(Excerpts from a dataset)
□ □ □
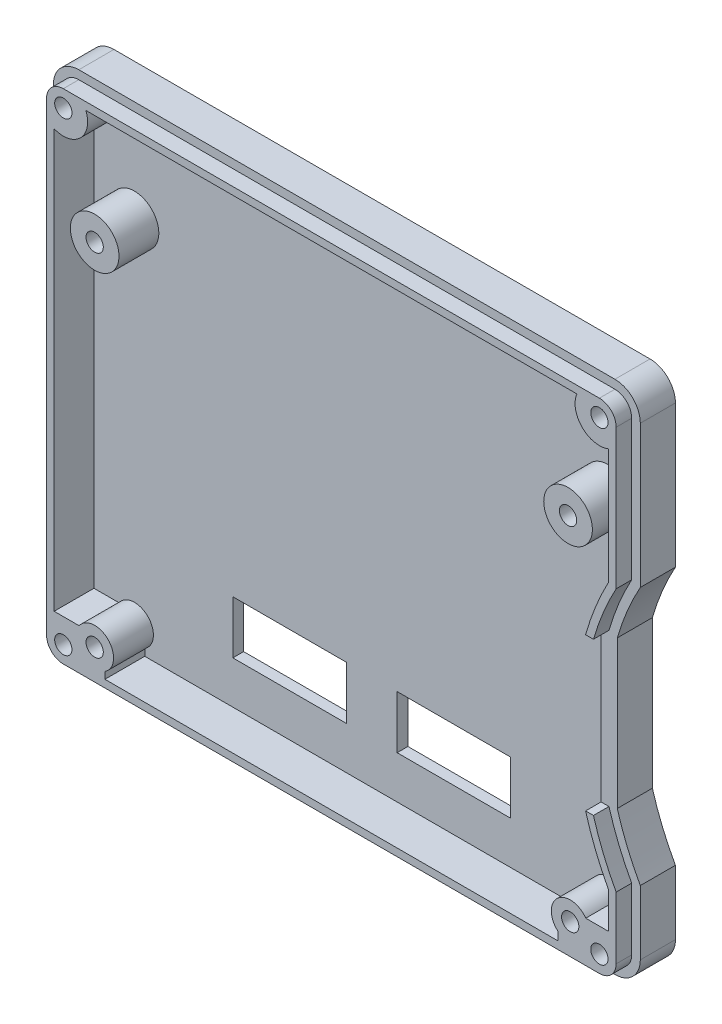
SolidWorks part; units mm, degrees
material "ABS"
ref_plane "Front Plane" through (0, 0, 0) normal (0, 0, 1) x (1, 0, 0)
ref_plane "Top Plane" through (0, 0, 0) normal (0, 1, 0) x (1, 0, 0)
ref_plane "Right Plane" through (0, 0, 0) normal (1, 0, 0) x (0, 0, -1)
sketch "Sketch1" plane through (0, 0, 0) normal (0, 0, 1) x (1, 0, 0)
  line L1 (-54.3, -47.7) -> (54.3, -47.7)
  line L2 (-54.3, -47.7) -> (-54.3, 47.7)
  line L3 (-54.3, 47.7) -> (54.3, 47.7)
  line L4 (54.3, -47.7) -> (54.3, 47.7)
  line L5 (-54.3, -47.7) -> (54.3, 47.7) construction
  line L6 (-54.3, 47.7) -> (54.3, -47.7) construction
  point P0 (0, 0)
  dimension "D1" = 108.6
  dimension "D2" = 95.4
extrude "Boss-Extrude1" add sketch "Sketch1" along normal blind 6.5
fillet "Fillet1" radius 4.7 4 edges at (-54.3, 47.7, 3.25) (-54.3, -47.7, 3.25) (54.3, -47.7, 3.25) (54.3, 47.7, 3.25)
sketch "Sketch4" plane through (0, 0, 6.5) normal (0, 0, 1) x (1, 0, 0)
  line L0 (54.3, -43) -> (54.3, 43) construction
  line L1 (-49.6, -47.7) -> (49.6, -47.7) construction
  line L2 (50.037, 6.4675) -> (50.037, -20.8702)
  arc A0 (50.037, -20.8702) -> (50.037, 6.4675) centre (97.196, -7.2014) ccw
  dimension "D1" = 98.2
  dimension "D2" = 42.896
  dimension "D3" = 40.4986
  dimension "D4" = 4.263
extrude "Cut-Extrude2" cut sketch "Sketch4" against normal through all
shell "Shell1" thickness 3 removed face at (17.3413, -2.4004, 6.5)
sketch "Sketch3" plane through (0, 0, 6.5) normal (0, 0, 1) x (1, 0, 0)
  line L0 (-49.6, -47.7) -> (49.6, -47.7) construction
  line L1 (-25.6, -27) -> (-4.6, -27)
  line L2 (-25.6, -27) -> (-25.6, -36.8)
  line L3 (-25.6, -36.8) -> (-4.6, -36.8)
  line L4 (-4.6, -27) -> (-4.6, -36.8)
  line L5 (4.8, -27) -> (25.8, -27)
  line L6 (4.8, -27) -> (4.8, -36.8)
  line L7 (4.8, -36.8) -> (25.8, -36.8)
  line L8 (25.8, -27) -> (25.8, -36.8)
  line L9 (-54.3, 43) -> (-54.3, -43) construction
  dimension "D1" = 21
  dimension "D2" = 9.4
  dimension "D3" = 9.8
  dimension "D4" = 10.9
  dimension "D5" = 28.7
extrude "Cut-Extrude1" cut sketch "Sketch3" against normal through all
sketch "Sketch5" plane through (0, 0, 6.5) normal (0, 0, 1) x (1, 0, 0)
  line L0 (-49.6, -47.7) -> (49.6, -47.7) construction
  line L1 (-54.3, 43) -> (-54.3, -43) construction
  line L2 (49.6, 47.7) -> (-49.6, 47.7) construction
  line L3 (54.3, 16.6888) -> (54.3, 43) construction
  line L4 (54.3, -43) -> (54.3, -31.0915) construction
  line L5 (-49.6, -47.7) -> (49.6, -47.7) construction
  line L6 (-54.3, 43) -> (-54.3, -43) construction
  line L7 (49.6, 47.7) -> (-49.6, 47.7) construction
  line L8 (54.3, 16.6888) -> (54.3, 43) construction
  line L9 (54.3, -43) -> (54.3, -31.0915) construction
  line L10 (52.7, 17.1008) -> (52.7, 43)
  line L11 (49.6, 46.1) -> (-49.6, 46.1)
  line L12 (-52.7, 43) -> (-52.7, -43)
  line L13 (-49.6, -46.1) -> (49.6, -46.1)
  line L14 (52.7, -43) -> (52.7, -31.5035)
  line L15 (-49.6, -44.7) -> (49.6, -44.7) construction
  line L16 (-51.3, 43) -> (-51.3, -43) construction
  line L17 (49.6, 44.7) -> (-49.6, 44.7) construction
  line L18 (51.3, 17.4556) -> (51.3, 43) construction
  line L19 (51.3, -43) -> (51.3, -31.8583) construction
  line L20 (-49.6, -44.7) -> (49.6, -44.7)
  line L21 (-51.3, 43) -> (-51.3, -43)
  line L22 (49.6, 44.7) -> (-49.6, 44.7)
  line L23 (51.3, 17.4556) -> (51.3, 43)
  line L24 (51.3, -43) -> (51.3, -31.8583)
  line L25 (48.5002, 6.9129) -> (47.0443, 6.9129)
  line L26 (48.5002, -21.3156) -> (47.0443, -21.3156)
  arc A0 (-54.3, -43) -> (-49.6, -47.7) centre (-49.6, -43) ccw construction
  arc A1 (-49.6, 47.7) -> (-54.3, 43) centre (-49.6, 43) ccw construction
  arc A2 (54.3, 43) -> (49.6, 47.7) centre (49.6, 43) ccw construction
  arc A3 (49.6, -47.7) -> (54.3, -43) centre (49.6, -43) ccw construction
  arc A4 (-54.3, -43) -> (-49.6, -47.7) centre (-49.6, -43) ccw construction
  arc A5 (-49.6, 47.7) -> (-54.3, 43) centre (-49.6, 43) ccw construction
  arc A6 (54.3, 43) -> (49.6, 47.7) centre (49.6, 43) ccw construction
  arc A7 (49.6, -47.7) -> (54.3, -43) centre (49.6, -43) ccw construction
  arc A8 (50.037, -20.8702) -> (54.3, -31.0915) centre (97.196, -7.2014) ccw construction
  arc A9 (50.037, -20.8702) -> (54.3, -31.0915) centre (97.196, -7.2014) ccw construction
  arc A10 (54.3, 16.6888) -> (50.037, 6.4675) centre (97.196, -7.2014) ccw construction
  arc A11 (54.3, 16.6888) -> (50.037, 6.4675) centre (97.196, -7.2014) ccw construction
  arc A12 (52.7, 17.1008) -> (48.5002, 6.9129) centre (97.196, -7.2014) ccw
  arc A13 (52.7, 43) -> (49.6, 46.1) centre (49.6, 43) ccw
  arc A14 (-49.6, 46.1) -> (-52.7, 43) centre (-49.6, 43) ccw
  arc A15 (-52.7, -43) -> (-49.6, -46.1) centre (-49.6, -43) ccw
  arc A16 (49.6, -46.1) -> (52.7, -43) centre (49.6, -43) ccw
  arc A17 (48.5002, -21.3156) -> (52.7, -31.5035) centre (97.196, -7.2014) ccw
  arc A18 (-51.3, -43) -> (-49.6, -44.7) centre (-49.6, -43) ccw construction
  arc A19 (-49.6, 44.7) -> (-51.3, 43) centre (-49.6, 43) ccw construction
  arc A20 (51.3, 43) -> (49.6, 44.7) centre (49.6, 43) ccw construction
  arc A21 (49.6, -44.7) -> (51.3, -43) centre (49.6, -43) ccw construction
  arc A22 (-51.3, -43) -> (-49.6, -44.7) centre (-49.6, -43) ccw
  arc A23 (-49.6, 44.7) -> (-51.3, 43) centre (-49.6, 43) ccw
  arc A24 (51.3, 43) -> (49.6, 44.7) centre (49.6, 43) ccw
  arc A25 (49.6, -44.7) -> (51.3, -43) centre (49.6, -43) ccw
  arc A26 (47.037, -21.2897) -> (51.3, -31.8583) centre (97.196, -7.2014) ccw construction
  arc A27 (47.0443, -21.3156) -> (51.3, -31.8583) centre (97.196, -7.2014) ccw
  arc A28 (51.3, 17.4556) -> (47.037, 6.887) centre (97.196, -7.2014) ccw construction
  arc A29 (51.3, 17.4556) -> (47.0443, 6.9129) centre (97.196, -7.2014) ccw
  dimension "D1" = 1.6
extrude "Boss-Extrude2" add sketch "Sketch5" along normal blind 2.87
sketch "Sketch6" plane through (0, 0, 2) normal (0, 0, 1) x (1, 0, 0)
  line L0 (-54.3, 43) -> (-54.3, -43) construction
  line L1 (49.6, 47.7) -> (-49.6, 47.7) construction
  line L2 (-49.6, -47.7) -> (49.6, -47.7) construction
  line L3 (54.3, -43) -> (54.3, -31.0915) construction
  circle A0 centre (-49.6, 43) radius 1.6
  circle A1 centre (-43.8, 24.4) radius 1.6
  circle A2 centre (43.8, 24.4) radius 1.6
  circle A3 centre (49.6, 43) radius 1.6
  circle A4 centre (49.6, -43) radius 1.6
  circle A5 centre (44.2, -40.5) radius 1.6
  circle A6 centre (-49.6, -43) radius 1.6
  circle A7 centre (-43.8, -40.5) radius 1.6
  dimension "D1" = 3.2
  dimension "D2" = 4.7
  dimension "D3" = 4.7
  dimension "D4" = 4.7
  dimension "D5" = 4.7
  dimension "D6" = 87.6
  dimension "D7" = 18.6
  dimension "D8" = 5.8
  dimension "D9" = 64.9
  dimension "D10" = 88
extrude "Cut-Extrude3" cut sketch "Sketch6" against normal through all and the other way through all
sketch "Sketch7" plane through (0, 0, 2) normal (0, 0, 1) x (1, 0, 0)
  line L0 (47.0723, -38.5) -> (51.3, -38.5)
  line L1 (41.9, -43.1382) -> (41.9, -44.7)
  line L2 (-49.6, -44.7) -> (49.6, -44.7) construction
  line L3 (51.3, -43) -> (51.3, -31.8583) construction
  line L4 (-49.6, -44.7) -> (-41.9, -44.7)
  line L5 (51.3, -43) -> (51.3, -38.5)
  line L6 (41.9, -44.7) -> (49.6, -44.7)
  line L7 (54.3, -43) -> (54.3, -31.0915) construction
  line L8 (-49.6, -47.7) -> (49.6, -47.7) construction
  line L9 (-51.3, -43) -> (-51.3, 43) construction
  line L10 (-49.6, 44.7) -> (49.6, 44.7) construction
  line L11 (-51.3, -43) -> (-51.3, -38.5)
  line L12 (-49.6, 44.7) -> (-45.4335, 44.7)
  line L13 (-51.3, 38.8335) -> (-51.3, 43)
  line L14 (45.4335, 44.7) -> (49.6, 44.7)
  line L15 (51.3, 43) -> (51.3, 17.4556) construction
  line L16 (51.3, 43) -> (51.3, 38.8335)
  line L17 (-51.3, -38.5) -> (-46.6723, -38.5)
  line L18 (-41.9, -44.7) -> (-41.9, -43.4394)
  line L19 (-54.3, 43) -> (-54.3, -43) construction
  circle A0 centre (-43.8, 24.4) radius 4.5
  circle A1 centre (43.8, 24.4) radius 4.5
  arc A2 (-51.3, 38.8335) -> (-45.4335, 44.7) centre (-49.6, 43) ccw
  arc A3 (45.4335, 44.7) -> (51.3, 38.8335) centre (49.6, 43) ccw
  arc A4 (-51.3, -43) -> (-49.6, -44.7) centre (-49.6, -43) ccw construction
  arc A5 (-49.6, 44.7) -> (-51.3, 43) centre (-49.6, 43) ccw construction
  arc A6 (47.0723, -38.5) -> (41.9, -43.1382) centre (44.2, -40.5) ccw
  arc A8 (49.6, -44.7) -> (51.3, -43) centre (49.6, -43) ccw construction
  arc A9 (49.6, -44.7) -> (51.3, -43) centre (49.6, -43) ccw
  arc A10 (-49.6, 44.7) -> (-51.3, 43) centre (-49.6, 43) ccw
  arc A11 (51.3, 43) -> (49.6, 44.7) centre (49.6, 43) ccw construction
  arc A12 (51.3, 43) -> (49.6, 44.7) centre (49.6, 43) ccw
  arc A13 (-41.9, -43.4394) -> (-46.6723, -38.5) centre (-43.8, -40.5) ccw
  arc A14 (-51.3, -43) -> (-49.6, -44.7) centre (-49.6, -43) ccw
  circle A15 centre (-43.8, -40.5) radius 1.6 construction
  circle A16 centre (-43.8, -40.5) radius 1.6
  circle A17 centre (-43.8, 24.4) radius 1.6 construction
  circle A18 centre (-49.6, 43) radius 1.6 construction
  circle A19 centre (-43.8, 24.4) radius 1.6
  circle A20 centre (-49.6, 43) radius 1.6
  circle A21 centre (49.6, 43) radius 1.6 construction
  circle A22 centre (43.8, 24.4) radius 1.6 construction
  circle A23 centre (44.2, -40.5) radius 1.6 construction
  circle A24 centre (49.6, 43) radius 1.6
  circle A25 centre (43.8, 24.4) radius 1.6
  circle A26 centre (44.2, -40.5) radius 1.6
  dimension "D3" = 3.5
  dimension "D4" = 9
  dimension "D1" = 12.4
  dimension "D2" = 9.2
  dimension "D5" = 12.4
extrude "Boss-Extrude3" add sketch "Sketch7" along normal up to surface (7.37 mm away) up to face at (16.5815, -2.4004, 9.37)
sketch "Sketch8" plane through (0, 0, 0) normal (0, 0, -1) x (-1, 0, 0)
  circle A1 centre (-49.6, -43) radius 1.6
  circle A2 centre (-49.6, -43) radius 1.6
  circle A3 centre (49.6, -43) radius 1.6
  circle A4 centre (49.6, -43) radius 1.6
  dimension "D1" = 0
  dimension "D2" = 0
extrude "Cut-Extrude4" cut sketch "Sketch8" against normal through all
sketch "Sketch9" plane through (0, 0, 0) normal (0, 0, -1) x (-1, 0, 0)
  circle A0 centre (-49.6, -43) radius 2.9
  circle A1 centre (-49.6, 43) radius 2.9
  circle A2 centre (49.6, 43) radius 2.9
  circle A3 centre (49.6, -43) radius 2.9
  dimension "D1" = 5.8
extrude "Cut-Extrude5" cut sketch "Sketch9" against normal blind 6
□ □ □
[Aim of the task] Reproduce each line of the records in which the word "along" appears.

[Problem solution]
extrude "Boss-Extrude1" add sketch "Sketch1" along normal blind 6.5
extrude "Boss-Extrude2" add sketch "Sketch5" along normal blind 2.87
extrude "Boss-Extrude3" add sketch "Sketch7" along normal up to surface (7.37 mm away) up to face at (16.5815, -2.4004, 9.37)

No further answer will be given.